Items from a data source:
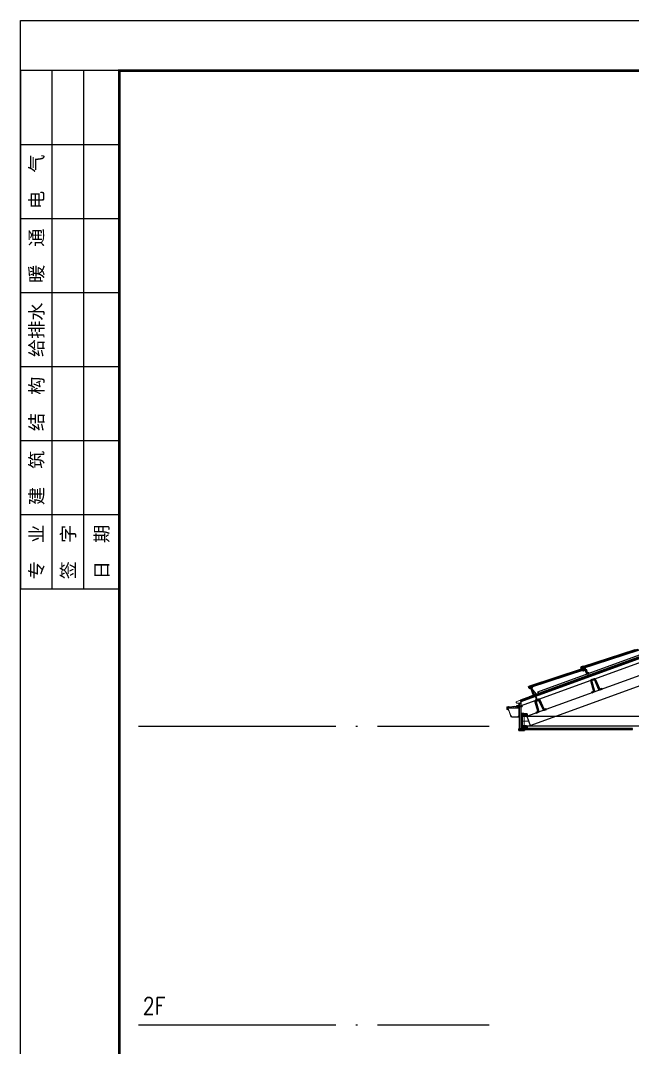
# Model space of a CAD drawing. Extents: x 278352 to 354603, y -396067 to -191104.
# Drawn here: x 324621 to 330818, y -385468 to -375067 of the extents above; entities that cross this region are included whole.
import ezdxf
from ezdxf.enums import TextEntityAlignment as Align

# ---------------------------------------------------------------- set-up
doc = ezdxf.new("R2010")
doc.units = 0
doc.header["$LTSCALE"] = 1000
doc.header["$MEASUREMENT"] = 0
for name, pattern in [('CENTER', [2, 1.25, -0.25, 0.25, -0.25]), ('CONTINUOUS0', [0]), ('DASH', [0.35, 0.25, -0.1]), ('DOTE', [2.42, 2, -0.2, 0.02, -0.2])]:
    doc.linetypes.add(name, pattern=pattern)
for name, color, linetype in [('004_THIN', 6, 'CONTINUOUS0'), ('10', 2, 'Continuous'), ('3中心线层', 1, 'CENTER'), ('cj', 105, 'Continuous'), ('COLUMN', 40, 'Continuous'), ('DIM_ELEV', 3, 'Continuous'), ('DOTE', 1, 'DOTE'), ('H_外墙板挂件', 3, 'Continuous'), ('H_柱', 2, 'Continuous'), ('PUB_DIM', 3, 'Continuous'), ('图框', 4, 'Continuous')]:
    doc.layers.add(name, color=color, linetype=linetype)
for name, color, linetype, lineweight in [('AM_0N', 7, 'Continuous', 50), ('MJ', 3, 'Continuous', 25), ('辅助件', 4, 'Continuous', 5)]:
    doc.layers.add(name, color=color, linetype=linetype, lineweight=lineweight)
doc.layers.add('PW_', color=7, linetype='Continuous', plot=False)
doc.styles.add('_TCH_DIM', font='SIMPLEX', dxfattribs={"bigfont": 'GBCBIG'})
doc.styles.add('BS', font='', dxfattribs={"width": 0.9})
doc.styles.get('BS').set_extended_font_data('NSimSun')

# ---------------------------------------------------------------- blocks, each defined once
blk = doc.blocks.new('rty')
for p, q in [((40079, 16873), (40080, 16881)), ((40081, 16882), (40085, 16881)), ((40083, 16877), (40083, 16878)), ((40084, 16879), (40085, 16878)), ((40086, 16880), (40086, 16879)), ((40090, 16889), (40090, 16882)), ((40090, 16882), (40090, 16877)), ((40097, 16891), (40091, 16890)), ((40093, 16887), (40097, 16888)), ((40093, 16882), (40093, 16887)), ((40093, 16878), (40093, 16882)), ((40098, 16889), (40098, 16890)), ((40099, 16884), (40100, 16877)), ((40101, 16884), (40102, 16877)), ((40119, 16887), (40121, 16877)), ((40121, 16887), (40123, 16877)), ((40137, 16889), (40139, 16878)), ((40139, 16889), (40141, 16878)), ((40165, 16890), (40165, 16877)), ((40167, 16889), (40167, 16877)), ((40186, 16890), (40178, 16877)), ((40187, 16887), (40182, 16878)), ((40200, 16890), (40187, 16890)), ((40200, 16887), (40188, 16887)), ((40193, 16877), (40193, 16881)), ((40194, 16882), (40195, 16882)), ((40196, 16873), (40196, 16881))]:
    blk.add_line(p, q)
at = {"color": 8, "linetype": 'DASH'}
for p, q in [((40179, 16893), (40203, 16891)), ((40181, 16898), (40203, 16896))]:
    blk.add_line(p, q, dxfattribs=at)
for points in [[(40200, 16901), (40183, 16901, 0.284378), (40182, 16900), (40178, 16890, -0.323364), (40176, 16890), (40153, 16893, 0.070245), (40153, 16893), (40093, 16885)], [(40200, 16899), (40184, 16899, 0.284378), (40184, 16898), (40179, 16888, -0.323364), (40178, 16888), (40153, 16891, 0.070245), (40153, 16891), (40093, 16883)], [(40200, 16906), (40200, 16851, 0.414214), (40201, 16850), (40202, 16850, 0.414214), (40203, 16851), (40203, 16908, 0.414214), (40202, 16909), (40194, 16909, 0.414214), (40194, 16909), (40194, 16905, 0.414214), (40194, 16905), (40196, 16905, 0.414214), (40196, 16905), (40196, 16906, -0.414214), (40196, 16906), (40200, 16906, -0.414214), (40200, 16906)]]:
    blk.add_lwpolyline(points, format="xyb")
for centre, radius, start, end in [((40080, 16873), 1, 175, 274.0145), ((40081, 16881), 1, 85, 175), ((40139, 16163), 712, 85.523, 94.7642), ((40084, 16878), 1, 85, 175), ((40084, 16876), 1, 175, 274.4782), ((40139, 16163), 715, 94.0428, 94.4782), ((40085, 16880), 1, 355, 85), ((40085, 16879), 1, 265, 355), ((40089, 16877), 1, 274.0428, 355), ((40091, 16889), 1, 95.6143, 184.5412), ((40089, 16882), 1, 355, 4.5412), ((40092, 16882), 1, 355, 4.5412), ((40095, 16878), 2, 175, 273.5447), ((40139, 16163), 715, 87.0102, 93.5447), ((40097, 16890), 1, 5.9123, 95.6143), ((40097, 16889), 1, 275.6143, 5.9123), ((40177, 16878), 1, 267.0102, 327.282), ((40183, 16877), 1, 149.3971, 266.5234), ((40139, 16163), 715, 85.7816, 86.5234), ((40187, 16889), 1, 90, 147.282), ((40188, 16886), 1, 90, 149.3971), ((40192, 16877), 1, 265.7816, 0), ((40194, 16881), 1, 90, 180), ((40195, 16881), 1, 0, 90), ((40195, 16873), 1, 264.7738, 0)]:
    blk.add_arc(centre, radius, start, end)
blk = doc.blocks.new('457')
blk.add_lwpolyline([(39872, 16818), (39872, 16815, 0.414214), (39873, 16814), (39874, 16814, 0.414214), (39875, 16815), (39875, 16818, 0.414214), (39871, 16822), (39864, 16822, 0.414214), (39860, 16818), (39860, 16796, 0.414214), (39861, 16795), (39866, 16795, -0.311217), (39880, 16785), (39902, 16726, 0.311217), (39912, 16720), (39985, 16720, 0.414214), (39986, 16721), (39986, 16818, 0.414214), (39982, 16822), (39979, 16822, 0.414214), (39975, 16818), (39975, 16815, 0.414214), (39976, 16814), (39977, 16814, 0.414214), (39978, 16815), (39978, 16818, -0.414214), (39979, 16819), (39982, 16819, -0.414214), (39983, 16818), (39983, 16738, -0.414214), (39968, 16723), (39921, 16723, -0.311217), (39902, 16736), (39879, 16797, 0.311217), (39877, 16798), (39864, 16798, -0.414214), (39863, 16799), (39863, 16818, -0.414214), (39864, 16819), (39871, 16819, -0.414214), (39872, 16818)], format="xyb")
blk = doc.blocks.new('eyewy')
at = {"color": 8}
for p, q in [((-709, 1230), (-709, 1231)), ((-709, 1182), (-709, 1181)), ((-705, 1230), (-705, 1231)), ((-705, 1182), (-705, 1181)), ((-627, 1226), (-661, 1226)), ((-583, 1230), (-583, 1231)), ((-583, 1182), (-583, 1181)), ((-579, 1230), (-579, 1231)), ((-579, 1182), (-579, 1181))]:
    blk.add_line(p, q, dxfattribs=at)
at = {"color": 4, "lineweight": 40}
blk.add_line((-682, 1230), (-675, 1230), dxfattribs=at)
blk.add_lwpolyline([(-675, 1230), (-675, 1229), (-694, 1229, 0.414214), (-695, 1228), (-695, 1183, -0.414214), (-697, 1181), (-717, 1181, -0.414214), (-719, 1183), (-719, 1229, -0.414214), (-717, 1231), (-571, 1231, -0.414214), (-569, 1229), (-569, 1183, -0.414214), (-571, 1181), (-591, 1181, -0.414214), (-593, 1183), (-593, 1228, 0.414214), (-594, 1229), (-613, 1229), (-613, 1230), (-571, 1230, -0.414214), (-570, 1229), (-570, 1183, -0.414214), (-571, 1182), (-591, 1182, -0.414214), (-592, 1183), (-592, 1228, 0.396607), (-594, 1230), (-717, 1230, 0.414214), (-718, 1229), (-718, 1183, 0.414214), (-717, 1182), (-697, 1182, 0.414214), (-696, 1183), (-696, 1228, -0.414214), (-694, 1230), (-675, 1230)], format="xyb", dxfattribs=at)
at = {"color": 8}
for centre, radius, start, end in [((-675, 1228), 2, 57.875, 90), ((-661, 1250), 24.1, 237.875, 270), ((-627, 1250), 24.1, 270, 302.125), ((-613, 1228), 2, 90, 122.125)]:
    blk.add_arc(centre, radius, start, end, dxfattribs=at)
at = {"layer": '3中心线层', "color": 8, "linetype": 'ByBlock'}
blk.add_line((-685, 1229), (-685, 1231), dxfattribs=at)
at = {"layer": '3中心线层', "color": 8}
blk.add_line((-603, 1229), (-603, 1231), dxfattribs=at)
at = {"layer": 'PW_', "color": 8, "linetype": 'DOTE', "lineweight": 5}
for p, q in [((-564, 1206), (-724, 1206)), ((-644, 1241), (-644, 1171))]:
    blk.add_line(p, q, dxfattribs=at)
at = {"layer": 'PW_', "color": 8, "linetype": 'DASH', "lineweight": 5}
for p, q in [((-717, 1231), (-719, 1231)), ((-719, 1229), (-719, 1231)), ((-571, 1231), (-569, 1231)), ((-569, 1229), (-569, 1231))]:
    blk.add_line(p, q, dxfattribs=at)
at = {"layer": 'PW_', "color": 8}
for p, q in [((-719, 1183), (-719, 1181)), ((-717, 1181), (-719, 1181)), ((-697, 1181), (-695, 1181)), ((-695, 1183), (-695, 1181)), ((-593, 1183), (-593, 1181)), ((-591, 1181), (-593, 1181))]:
    blk.add_line(p, q, dxfattribs=at)
at = {"layer": 'PW_', "color": 4, "linetype": 'DASH', "lineweight": 5}
for p in [(-571, 1181), (-569, 1183)]:
    blk.add_line(p, (-569, 1181), dxfattribs=at)
blk = doc.blocks.new('A$C26F703EA')
at = {"layer": 'H_外墙板挂件', "ltscale": 0.05}
for p, q in [((1, 4), (0, 1)), ((0, 1), (0, 1)), ((0, 1), (1, 0)), ((2, 5), (1, 0)), ((2, 5), (1, 0)), ((2, 5), (1, 4)), ((1, 4), (1, 4)), ((2, 1), (1, 0)), ((1, 0), (1, 0)), ((2, 5), (2, 5)), ((2, 5), (3, 4)), ((3, 4), (2, 1))]:
    blk.add_line(p, q, dxfattribs=at)
blk = doc.blocks.new('A$C70195DA5')
at = {"layer": 'H_外墙板挂件', "ltscale": 0.05}
for p, q in [((1, 3), (0, 1)), ((1, 0), (0, 1)), ((1, 3), (1, 0)), ((1, 3), (1, 0)), ((1, 3), (1, 3)), ((1, 3), (1, 1)), ((1, 0), (1, 1)), ((1, 0), (1, 0))]:
    blk.add_line(p, q, dxfattribs=at)
blk = doc.blocks.new('A$C333570CE')
at = {"layer": 'H_外墙板挂件', "ltscale": 0.05}
for p, q in [((2, 4), (0, 3)), ((0, 3), (0, 2)), ((2, 1), (0, 2)), ((5, 4), (2, 4)), ((5, 1), (2, 1)), ((6, 5), (5, 4)), ((6, 5), (5, 4)), ((6, 5), (5, 4)), ((5, 4), (5, 4)), ((6, 2), (5, 1)), ((6, 1), (5, 1)), ((6, 5), (6, 5)), ((6, 5), (6, 4)), ((7, 4), (6, 4)), ((7, 4), (6, 3)), ((6, 4), (6, 3)), ((7, 2), (6, 0)), ((7, 2), (6, 0)), ((6, 2), (6, 1)), ((7, 1), (6, 0)), ((6, 1), (6, 0)), ((6, 0), (6, 0)), ((7, 5), (7, 3)), ((7, 5), (7, 5)), ((7, 5), (7, 4)), ((7, 5), (8, 4)), ((7, 5), (7, 3)), ((8, 4), (7, 1))]:
    blk.add_line(p, q, dxfattribs=at)
for points, knots in [([(6, 2), (6, 2), (6, 2), (7, 3), (7, 3), (6, 4), (5, 3), (6, 4), (5, 4), (4, 4), (2, 3), (1, 3), (0, 3)], [0.251426, 0.251426, 0.251426, 0.251426, 0.386576, 1.462883, 2.152932, 2.576113, 3.021688, 3.530717, 3.997852, 4.352983, 5.175081, 7.347653, 7.347653, 7.347653, 7.347653]), ([(2, 4), (2, 4), (1, 4), (1, 3), (0, 3), (0, 3)], [0, 0, 0, 0, 0.691669, 1.347057, 2.392797, 2.392797, 2.392797, 2.392797])]:
    blk.add_open_spline(points, degree=3, knots=knots, dxfattribs=at)
blk = doc.blocks.new('ST5.5x70')
at = {"layer": 'H_外墙板挂件', "ltscale": 0.05}
for p, q in [((-2, 2), (0, 2)), ((3, 4), (0, 4)), ((0, -4), (0, 4)), ((0, -4), (0, 4)), ((0, 4), (0, 4)), ((0, 2), (0, -2)), ((0, 2), (0, -2)), ((3, 2), (0, 2)), ((3, 0), (0, 0)), ((3, 2), (3, 2)), ((4, 3), (4, 3)), ((4, -3), (4, 3)), ((4, -1), (4, 1)), ((-3, -2), (-2, -2)), ((-1, -2), (0, -2)), ((3, -2), (0, -2)), ((3, -4), (0, -4)), ((0, -4), (0, -4)), ((3, -2), (3, -2)), ((4, -3), (4, -3))]:
    blk.add_line(p, q, dxfattribs=at)
for centre, radius, start, end in [((3, 3), 0.9, 0, 90), ((3, 3), 0.9, 270, 0), ((2, 1), 1.58, 357.4198, 64.5078), ((2, -1), 1.58, 295.4922, 2.5802), ((3, -3), 0.9, 0, 90), ((3, -3), 0.9, 270, 0)]:
    blk.add_arc(centre, radius, start, end, dxfattribs=at)
at = {"layer": 'PUB_DIM', "color": 8, "linetype": 'DOTE', "ltscale": 0.05}
blk.add_line((4, 0), (-71, 0), dxfattribs=at)
at = {"color": 5, "linetype": 'ByBlock'}
blk.add_blockref('A$C333570CE', (-70, -3), dxfattribs=at)
at = {"layer": '004_THIN', "color": 0}
for p in [(-63, -3), (-61, -3), (-60, -3), (-58, -3), (-56, -3), (-55, -3), (-53, -3), (-51, -3), (-50, -3), (-48, -3), (-46, -3), (-45, -3), (-43, -3), (-41, -3), (-40, -3), (-38, -3)]:
    blk.add_blockref('A$C26F703EA', p, dxfattribs=at)
at = {"layer": 'H_外墙板挂件', "ltscale": 0.05}
for name, p in [('A$C26F703EA', (-36, -3)), ('A$C26F703EA', (-35, -3)), ('A$C26F703EA', (-33, -3)), ('A$C26F703EA', (-31, -3)), ('A$C26F703EA', (-30, -3)), ('A$C26F703EA', (-28, -3)), ('A$C26F703EA', (-26, -3)), ('A$C26F703EA', (-25, -3)), ('A$C26F703EA', (-23, -3)), ('A$C26F703EA', (-21, -3)), ('A$C26F703EA', (-19, -3)), ('A$C26F703EA', (-18, -3)), ('A$C26F703EA', (-16, -3)), ('A$C26F703EA', (-14, -3)), ('A$C26F703EA', (-13, -3)), ('A$C26F703EA', (-11, -3)), ('A$C26F703EA', (-9, -3)), ('A$C26F703EA', (-8, -3)), ('A$C26F703EA', (-6, -3)), ('A$C26F703EA', (-4, -3)), ('A$C70195DA5', (-2, -3))]:
    blk.add_blockref(name, p, dxfattribs=at)
blk = doc.blocks.new('st5.5x19')
at = {"layer": 'H_外墙板挂件', "ltscale": 0.05}
for p, q in [((2, 2), (0, 0)), ((0, 0), (0, 0)), ((4, 2), (2, 2)), ((5, 3), (4, 1)), ((5, 3), (4, 2)), ((5, 3), (4, 1)), ((4, 2), (4, 1)), ((5, 3), (5, 3)), ((5, 3), (5, 2)), ((6, 2), (5, 2)), ((6, 2), (5, 1)), ((5, 2), (5, 1)), ((6, 3), (6, 1)), ((6, 3), (6, 3)), ((6, 3), (6, 2)), ((6, 3), (7, 2)), ((6, 3), (6, 1)), ((7, 2), (6, -2)), ((7, 2), (6, -2)), ((8, 3), (7, -3)), ((8, 3), (7, 2)), ((8, 3), (7, -3)), ((7, 2), (7, 2)), ((8, 2), (7, -2)), ((8, 3), (8, 3)), ((8, 3), (8, 2)), ((10, 3), (8, -3)), ((8, 3), (8, 2)), ((10, 3), (8, -3)), ((9, 2), (8, 2)), ((9, 2), (8, -2)), ((10, 3), (9, 2)), ((10, 2), (9, -2)), ((10, 3), (10, 3)), ((10, 3), (10, 2)), ((11, 3), (10, -3)), ((10, 3), (10, 2)), ((11, 3), (10, -3)), ((11, 2), (10, 2)), ((11, 2), (10, -2)), ((11, 3), (11, 3)), ((11, 3), (11, 2)), ((11, 3), (12, 2)), ((12, 2), (11, -2)), ((12, 2), (11, -2)), ((13, 3), (12, -3)), ((13, 3), (12, 2)), ((13, 3), (12, -3)), ((12, 2), (12, 2)), ((15, 3), (13, -3)), ((13, 3), (13, 3)), ((13, 3), (14, 2)), ((15, 3), (13, -3)), ((14, 2), (13, -2)), ((14, 2), (13, -2)), ((15, 3), (14, 2)), ((14, 2), (14, 2)), ((15, 2), (14, -2)), ((16, 3), (15, -3)), ((16, 3), (15, -3)), ((15, 3), (15, 3)), ((15, 3), (15, 2)), ((16, 2), (15, 2)), ((16, 2), (15, -2)), ((16, 2), (15, -2)), ((16, 3), (16, 3)), ((16, 3), (16, 2)), ((16, 3), (17, 2)), ((17, 2), (16, -2)), ((17, 0), (16, -2)), ((19, 2), (17, 2)), ((17, 0), (17, -3)), ((17, 0), (17, -3)), ((17, 0), (18, -2)), ((22, 4), (19, 4)), ((19, -4), (19, 4)), ((19, -4), (19, 4)), ((19, 4), (19, 4)), ((19, 2), (19, -2)), ((19, 2), (19, -2)), ((22, 2), (19, 2)), ((22, 0), (19, 0)), ((22, 3), (22, 3)), ((22, -3), (22, 3)), ((22, 2), (22, 2)), ((22, -1), (22, 1)), ((2, -2), (0, 0)), ((4, -2), (2, -2)), ((5, 0), (4, -2)), ((5, -2), (4, -2)), ((5, 0), (5, -3)), ((5, 0), (5, -3)), ((5, 0), (5, -2)), ((6, -2), (5, -3)), ((5, -2), (5, -3)), ((5, -3), (5, -3)), ((6, -2), (6, -2)), ((6, -2), (7, -3)), ((8, -2), (7, -2)), ((7, -2), (7, -3)), ((7, -3), (7, -3)), ((9, -2), (8, -3)), ((8, -2), (8, -3)), ((8, -3), (8, -3)), ((10, -2), (9, -2)), ((11, -2), (10, -3)), ((10, -2), (10, -3)), ((10, -3), (10, -3)), ((11, -2), (12, -3)), ((11, -2), (11, -2)), ((13, -2), (12, -3)), ((12, -3), (12, -3)), ((13, -2), (13, -2)), ((14, -2), (13, -3)), ((13, -2), (13, -3)), ((13, -3), (13, -3)), ((15, -2), (14, -2)), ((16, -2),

## WHAT YOU NEED TO DO
How many lines in the data contain "header"? Answer with the number alone.

## RESPONSE TO THIS TASK
2